The more or less relative possibility to make forecasts about some process or systems behavior
W.R. ASHBY stated: "One common idea, for instance is that the brain can predict the future. The idea certainly has a superficial plausibility, but is fundamentally wrong. WIENER put the truth succintly when he said that to predict the future is to carry out an operation on the past. If the past shows repetitions, and if the future sustains the regularity, then the brain will score a hit when the future arrives. But the process is wholly based on past events and on the degree to which the real world has consistent regularities. Let the world produces something really new, and the brain, human or other, is helpless. What happened, for instance, to those who worked with X-rays in 1905 ? They burned themselves horribly. The brain cannot deal effectively with the really new: it must wait until the new has had time to go adequately in the past. All wisdom is after the event. What we expect of mechanical brains must be based on this fact, if our expectation is to be realistic" (1963, p.207-208).
According to F. HEYLIGHEN: "Processes that are predictable, but not reversible are characterized by the fact that distinctions cannot be created (i.e. distinct effects always result from distinct causes),… but can be destroyed (i.e. distinct causes can have equal effects)" (1989, p.2369)
"Processes that are reversible but not predictable are characterized by the fact that distinctions cannot be destroyed (i.e. distinct causes always lead to distinct effects), but can be created (i.e. equal causes can have distinct effects) (Ibid.).
This abstract statement mirrors the fact that predictability is always practically limited. Total reversibility is impossible in the real world, which always allows for some measure of unpredictability. But the existence of giant fluctuations, with the possibility of bifurcation and even, in some cases, emergence of higher levels of complexity in processes and systems, nearly completely impedes precise predictability.

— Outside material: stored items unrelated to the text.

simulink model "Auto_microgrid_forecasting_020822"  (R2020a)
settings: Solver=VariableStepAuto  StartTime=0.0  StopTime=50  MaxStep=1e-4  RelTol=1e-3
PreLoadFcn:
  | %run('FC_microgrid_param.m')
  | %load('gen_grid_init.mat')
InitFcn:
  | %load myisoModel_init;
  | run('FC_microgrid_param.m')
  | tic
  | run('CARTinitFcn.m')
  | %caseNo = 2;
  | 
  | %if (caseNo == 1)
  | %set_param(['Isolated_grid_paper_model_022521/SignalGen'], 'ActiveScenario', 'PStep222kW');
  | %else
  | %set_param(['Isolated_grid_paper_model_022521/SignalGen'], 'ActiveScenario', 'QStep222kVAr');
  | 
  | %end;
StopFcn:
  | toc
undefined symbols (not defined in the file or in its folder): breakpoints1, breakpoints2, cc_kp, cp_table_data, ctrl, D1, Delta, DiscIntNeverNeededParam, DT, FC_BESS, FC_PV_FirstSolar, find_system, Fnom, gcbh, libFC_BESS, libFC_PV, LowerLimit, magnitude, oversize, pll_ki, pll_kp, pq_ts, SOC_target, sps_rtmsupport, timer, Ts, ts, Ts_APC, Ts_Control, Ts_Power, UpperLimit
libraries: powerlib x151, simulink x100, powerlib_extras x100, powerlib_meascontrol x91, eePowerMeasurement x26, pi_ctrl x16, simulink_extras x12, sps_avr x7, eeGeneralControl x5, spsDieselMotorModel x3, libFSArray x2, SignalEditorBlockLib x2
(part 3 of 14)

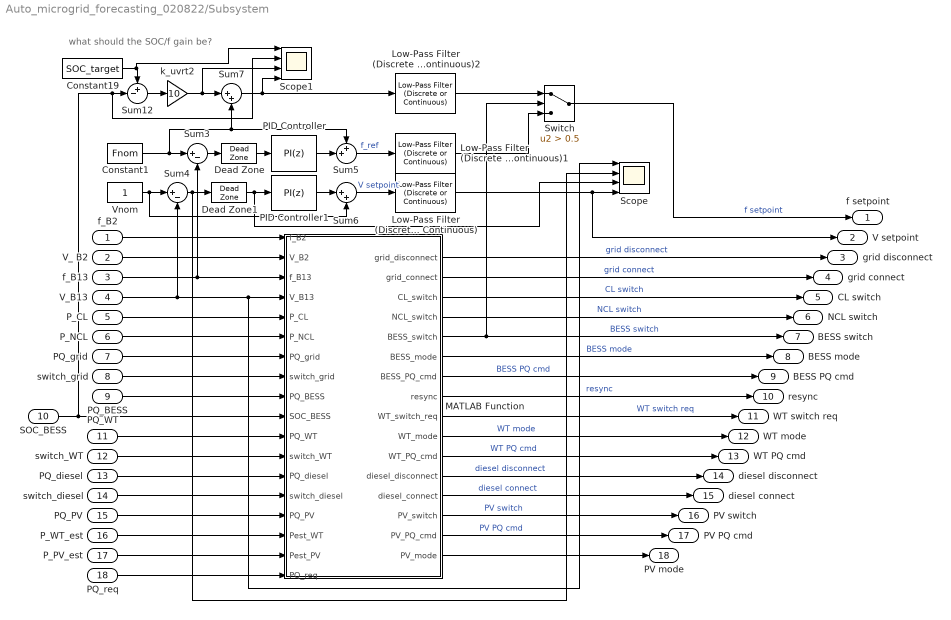
== system Auto_microgrid_forecasting_020822/Subsystem ==
  note: what should the SOC/f gain be?
  f_B2 : Inport
  V_ B2 : Inport  Port=2
  f_B13 : Inport  Port=3
  V_B13 : Inport  Port=4
  P_CL : Inport  Port=5
  P_NCL : Inport  Port=6
  PQ_grid : Inport  Port=7
  switch_grid : Inport  Port=8
  PQ_BESS : Inport  Port=9
  SOC_BESS : Inport  Port=10
  PQ_WT : Inport  Port=11
  switch_WT : Inport  Port=12
  PQ_diesel : Inport  Port=13
  switch_diesel : Inport  Port=14
  PQ_PV : Inport  Port=15
  P_WT_est : Inport  Port=16
  P_PV_est : Inport  Port=17
  PQ_req : Inport  Port=18
  Constant1 : Constant  Value=Fnom  SampleTime=-1
  Constant19 : Constant  Value=SOC_target  SampleTime=-1
  Dead Zone : DeadZone  LowerValue=-0.036  UpperValue=0.036  SaturateOnIntegerOverflow=on
  Dead Zone1 : DeadZone  LowerValue=-0.005  UpperValue=0.005  SaturateOnIntegerOverflow=on
  Low-Pass Filter (Discrete or Continuous) : eeGeneralControl/Low-Pass Filter (Discrete or Continuous)  K=1  T=0.2  B=inf  A=-inf  init_option=Inherited from block input  x0=0  Ts=-1
  Low-Pass Filter (Discrete or Continuous)1 : eeGeneralControl/Low-Pass Filter (Discrete or Continuous)  K=1  T=0.2  B=inf  A=-inf  init_option=Inherited from block input  x0=0  Ts=-1
  Low-Pass Filter (Discrete or Continuous)2 : eeGeneralControl/Low-Pass Filter (Discrete or Continuous)  K=1  T=0.2  B=inf  A=-inf  init_option=Inherited from block input  x0=0  Ts=-1
  MATLAB Function : MATLAB Function  TreatAsAtomicUnit=on
  PID Controller : simulink/Continuous/PID Controller  Controller=PI  Form=Parallel  TimeDomain=Discrete-time  UseExternalTs=off  SampleTime=-1  IntegratorMethod=Forward Euler  FilterMethod=Forward Euler  ControllerParametersSource=internal  P=1  I=1/10  D=0  UseFilter=on  N=100  TunerSelectOption=Transfer Function Based (PID Tuner App)  InitialConditionSource=internal  InitialConditionForIntegrator=0  InitialConditionForFilter=0  DifferentiatorICPrevScaledInput=0  ExternalReset=none  TrackingMode=off  Kt=1  LimitOutput=off  UpperSaturationLimit=inf  LowerSaturationLimit=-inf  LinearizeAsGain=on  AntiWindupMode=none  Kb=1  POutMin=[]  POutMax=[]  IOutMin=[]  IOutMax=[]  DOutMin=[]  DOutMax=[]  NOutMin=[]  NOutMax=[]  SumOutMin=[]  SumOutMax=[]  SaturationOutMin=[]  SaturationOutMax=[]  PParamMin=[]  PParamMax=[]  IParamMin=[]  IParamMax=[]  DParamMin=[]  DParamMax=[]  NParamMin=[]  NParamMax=[]  KbParamMin=[]  KbParamMax=[]  KtParamMin=[]  KtParamMax=[]  KbOutMin=[]  KbOutMax=[]  KtOutMin=[]  KtOutMax=[]  IntegratorOutMin=[]  IntegratorOutMax=[]  FilterOutMin=[]  FilterOutMax=[]  SumI1OutMin=[]  SumI1OutMax=[]  SumI2OutMin=[]  SumI2OutMax=[]  SumI3OutMin=[]  SumI3OutMax=[]  SumI4OutMin=[]  SumI4OutMax=[]  SumDOutMin=[]  SumDOutMax=[]  DifferentiatorOutMin=[]  DifferentiatorOutMax=[]  FilterDiffOutCoefMin=[]  FilterDiffOutCoefMax=[]  ReciprocalOutMin=[]  ReciprocalOutMax=[]  SumDenOutMin=[]  SumDenOutMax=[]  SumNumOutMin=[]  SumNumOutMax=[]  DivideOutMin=[]  DivideOutMax=[]  UdiffTsProdOutMin=[]  UdiffTsProdOutMax=[]  NTsProdOutMin=[]  NTsProdOutMax=[]  UintegralTsProdOutMin=[]  UintegralTsProdOutMax=[]  UngainTsProdOutMin=[]  UngainTsProdOutMax=[]  IntegratorContinuousStateAttributes=''  IntegratorStateMustResolveToSignalObject=off  IntegratorRTWStateStorageClass=Auto  FilterContinuousStateAttributes=''  FilterStateMustResolveToSignalObject=off  FilterRTWStateStorageClass=Auto  ParallelPVariant=InternalParameters  IdealPVariant=Disabled  IVariant=InternalParameters  DVariant=Disabled  IntegratorVariant=Discrete  SatVariant=Disabled  AWVariant=Passthrough  PCopyVariant=Disabled  TRVariant=Disabled  FdbkBlocksVariant=Forward  IdealPFdbkVariant=Disabled  SatFdbkVariant=Disabled  DerivativeFilterVariant=Disabled  NVariant=Disabled  NCopyVariant=Disabled_SignalSpec  FilterICVariant=Disabled  IntegratorICVariant=InternalICs  ExternalResetVariant=Disabled  TRSumVariant=Passthrough  SumFdbkVariant=Disabled  SumVariant=Sum_PI  TsampFilterVariant=InternalTs  TsampNgainVariant=Passthrough  TsampIntegralVariant=Passthrough
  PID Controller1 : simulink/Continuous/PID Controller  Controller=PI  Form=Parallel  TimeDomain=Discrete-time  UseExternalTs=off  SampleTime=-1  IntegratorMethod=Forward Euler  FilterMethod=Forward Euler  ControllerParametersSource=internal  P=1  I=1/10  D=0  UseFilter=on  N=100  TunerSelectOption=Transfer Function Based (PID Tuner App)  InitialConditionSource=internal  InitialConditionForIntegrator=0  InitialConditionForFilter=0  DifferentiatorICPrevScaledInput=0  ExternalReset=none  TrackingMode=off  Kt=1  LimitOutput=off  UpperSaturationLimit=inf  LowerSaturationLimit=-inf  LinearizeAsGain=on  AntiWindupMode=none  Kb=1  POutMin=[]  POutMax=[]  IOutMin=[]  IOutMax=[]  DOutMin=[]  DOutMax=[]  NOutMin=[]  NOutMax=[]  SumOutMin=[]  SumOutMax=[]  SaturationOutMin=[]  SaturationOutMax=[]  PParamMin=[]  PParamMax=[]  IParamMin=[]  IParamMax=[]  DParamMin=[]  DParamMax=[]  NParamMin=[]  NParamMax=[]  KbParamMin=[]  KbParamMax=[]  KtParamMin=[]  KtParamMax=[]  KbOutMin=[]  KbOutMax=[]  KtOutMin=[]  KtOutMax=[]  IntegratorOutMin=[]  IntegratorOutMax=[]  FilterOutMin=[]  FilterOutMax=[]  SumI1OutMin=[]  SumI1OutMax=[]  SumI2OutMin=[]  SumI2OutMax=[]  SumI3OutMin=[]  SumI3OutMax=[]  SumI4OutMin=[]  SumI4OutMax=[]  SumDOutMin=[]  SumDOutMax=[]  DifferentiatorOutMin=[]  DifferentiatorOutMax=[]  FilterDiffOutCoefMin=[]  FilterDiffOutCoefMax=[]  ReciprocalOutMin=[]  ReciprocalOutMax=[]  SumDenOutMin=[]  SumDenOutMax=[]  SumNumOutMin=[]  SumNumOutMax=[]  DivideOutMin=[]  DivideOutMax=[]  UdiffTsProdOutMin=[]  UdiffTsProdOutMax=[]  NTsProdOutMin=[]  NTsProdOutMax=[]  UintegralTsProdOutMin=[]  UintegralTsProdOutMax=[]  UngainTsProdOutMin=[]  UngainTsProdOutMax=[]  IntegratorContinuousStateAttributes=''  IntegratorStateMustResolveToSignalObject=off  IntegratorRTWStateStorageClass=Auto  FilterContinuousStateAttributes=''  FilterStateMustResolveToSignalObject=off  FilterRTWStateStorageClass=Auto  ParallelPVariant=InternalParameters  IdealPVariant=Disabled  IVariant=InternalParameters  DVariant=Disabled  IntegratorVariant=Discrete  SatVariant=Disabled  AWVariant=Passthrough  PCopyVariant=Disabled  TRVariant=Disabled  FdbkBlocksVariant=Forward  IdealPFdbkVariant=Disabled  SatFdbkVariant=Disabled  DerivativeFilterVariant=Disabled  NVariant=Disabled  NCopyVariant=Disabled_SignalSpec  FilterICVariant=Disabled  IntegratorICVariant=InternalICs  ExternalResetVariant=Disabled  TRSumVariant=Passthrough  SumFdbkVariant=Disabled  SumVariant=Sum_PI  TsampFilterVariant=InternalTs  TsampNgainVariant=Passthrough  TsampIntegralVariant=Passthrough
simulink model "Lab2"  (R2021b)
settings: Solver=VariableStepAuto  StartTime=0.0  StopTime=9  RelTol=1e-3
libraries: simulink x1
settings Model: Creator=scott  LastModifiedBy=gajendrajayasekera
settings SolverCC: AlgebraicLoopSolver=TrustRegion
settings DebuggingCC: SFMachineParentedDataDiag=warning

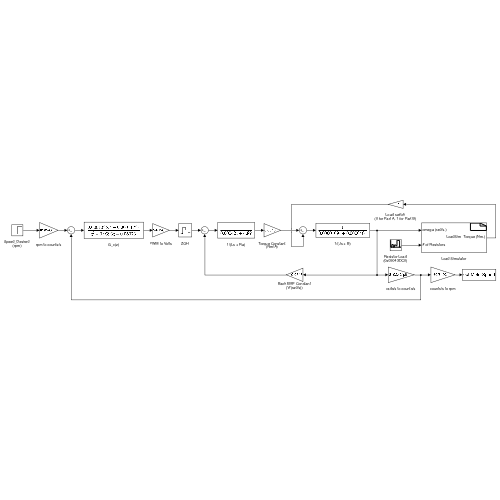
[thumbnail: Simulink's stored preview of the top-level diagram]
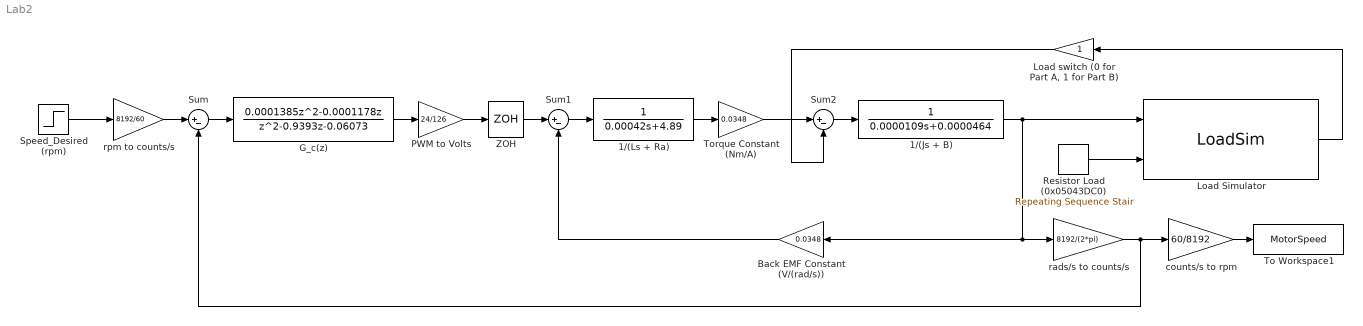
== system Lab2 ==
  " 1/(Js + B)" : TransferFcn  Denominator=[0.0000109 0.0000464]
  " 1/(Ls + Ra)" : TransferFcn  Denominator=[0.00042 4.89]
  " G_c(z)" : DiscreteTransferFcn  Numerator=[0.0001385 -0.0001178 0]  Denominator=[1 -0.9393 -0.06073]
  " Load Simulator" : S-Function  InitFcn=try, set_param(gcb,'FunctionName','LoadSim'), end  FunctionName=LoadSim  SFunctionModules=LoadSim_wrapper  SFunctionDeploymentMode=off  EnableBusSupport=off  mask(S-Function Builder){}
      mask help: Simulink:masks:SFunctionBuilder_MD
      mask init:
      | val = [[.9  0.75 0.75 1 1 .9 .9 1]',[1 1 0.75 0.75 .9 .9 1 .9]'];try , sys = get_param(gcb,'SfunBuilderFcnName');if isempty(sys), sys = get_param(gcb,'FunctionName'); end,catch, sys = get_param(gcb,'FunctionName'); end
      settings: CopyFcn=set_param(gcbh,'LinkStatus','none')  PreSaveFcn=try, set_param(gcb,'FunctionName','LoadSim'), end  OpenFcn=sfunctionwizard(gcbh)
      mask Display: plot(val(:,1),val(:,2)),disp(sys), port_label('input',1,'omega (rad/s.)'), port_label('input',2,'# of Resistors'), port_label('output',1,'Torque (Nm.)')
  " Load switch (0 for Part A, 1 for Part B)" : Gain
  " PWM to Volts" : Gain  Gain=24/126
  " Resistor Load (0x05043DC0)" : simulink/Sources/Repeating Sequence Stair  OutValues=[0 5 0 4 3 13 12 0].'  tsamp=0.006  OutMin=[]  OutMax=[]  OutDataTypeStr=double  OutputDataTypeScalingMode=double  OutDataType=fixdt(0,8)  ConRadixGroup=Best Precision: Vector-wise  OutScaling=2^-12
  " Speed_Desired (rpm)" : Step  Time=0  After=2000  SampleTime=0.006
  " Torque Constant (Nm/A)" : Gain  Gain=0.0348
  " ZOH" : ZeroOrderHold  SampleTime=-1
  " counts/s to rpm" : Gain  Gain=60/8192
  " rads/s to counts/s" : Gain  Gain=8192/(2*pi)
  " rpm to counts/s" : Gain  Gain=8192/60
  Back EMF Constant (V/(rad/s)) : Gain  Gain=0.0348
  Sum : Sum  Inputs=|+-
  Sum1 : Sum  Inputs=|+-
  Sum2 : Sum  Inputs=|+-
  To Workspace1 : ToWorkspace  VariableName=MotorSpeed  SaveFormat=Timeseries  SampleTime=-1
  wires:
  Sum1/1 -> " 1/(Ls + Ra)"/1
  " 1/(Ls + Ra)"/1 -> " Torque Constant (Nm/A)"/1
  " Torque Constant (Nm/A)"/1 -> Sum2/1
  " 1/(Js + B)"/1 -> " Load Simulator"/1, " rads/s to counts/s"/1, Back EMF Constant (V/(rad/s))/1
  " Load Simulator"/1 -> " Load switch (0 for Part A, 1 for Part B)"/1
  Back EMF Constant (V/(rad/s))/1 -> Sum1/2
  " rads/s to counts/s"/1 -> Sum/2, " counts/s to rpm"/1
  " ZOH"/1 -> Sum1/1
  " G_c(z)"/1 -> " PWM to Volts"/1
  " PWM to Volts"/1 -> " ZOH"/1
  Sum/1 -> " G_c(z)"/1
  " Speed_Desired (rpm)"/1 -> " rpm to counts/s"/1
  " rpm to counts/s"/1 -> Sum/1
  " Load switch (0 for Part A, 1 for Part B)"/1 -> Sum2/2
  " Resistor Load (0x05043DC0)"/1 -> " Load Simulator"/2
  Sum2/1 -> " 1/(Js + B)"/1
  " counts/s to rpm"/1 -> To Workspace1/1

F. HEYLIGHEN adds: "From the point of view of predictability,… the microscopic causality principle is useless or trivial, since it ignores all repetitions of processes or experiments. Predictability only exists on a macroscopic level, where microscopic differences between non identic, individual phenomena are ignored, to determine the macroscopically meaningful distinctions between (infinite) classes of phenomena" (p.378).
HEYLIGHEN proceeds, giving the following example: "It is a classic result that phenomena that are completely unpredictable at the microscopic level may be modelled macroscopically by deterministic theories. For example, statistical mechanics shows how the random collisions between molecules in a gas can be described by deterministic equations for macroscopic properties such as temperature, volume and pressure. It is also well known that the indeterminism that quantum mechanics postulates for microscopic particles disappears when going to the "classical limit" of macroscopic objects" (Ibid).
Thus, there is a degree of macro-determinism, framing micro-indetermination, and information about it can be obtained by using statistical methods. (see data reduction)
HEYLIGHEN adds: "On the other hand, recent developments in self-organization models and nonlinear thermodynamics have attracted attention to the opposite phenomenon: microscopically deterministic systems that behave in a complete unpredictable way when considered from a macroscopic viewpoint" (p.378).
As an example, HEYLIGHEN cites: "… certain types of cellular automata whose local dynamical rules are completely deterministic but for which there is no global algorithm, allowing to predict their overall evolution without computing all the individual, microscopic transitions from the given initial state" (According to S. WOLFRAM, 1984).
There is thus a relative antinomy – or complementarity, as already noted by POINCARÉ – between levels and types of predictability. Deterministic, or algorithmic predictability would be rigorous, but is practically never possible (even if it may be approached in some cases). Stochastic predictability is frequently possible, but does not allow specific prediction for individual events. This became clearer with the discovery of chaotic determinism.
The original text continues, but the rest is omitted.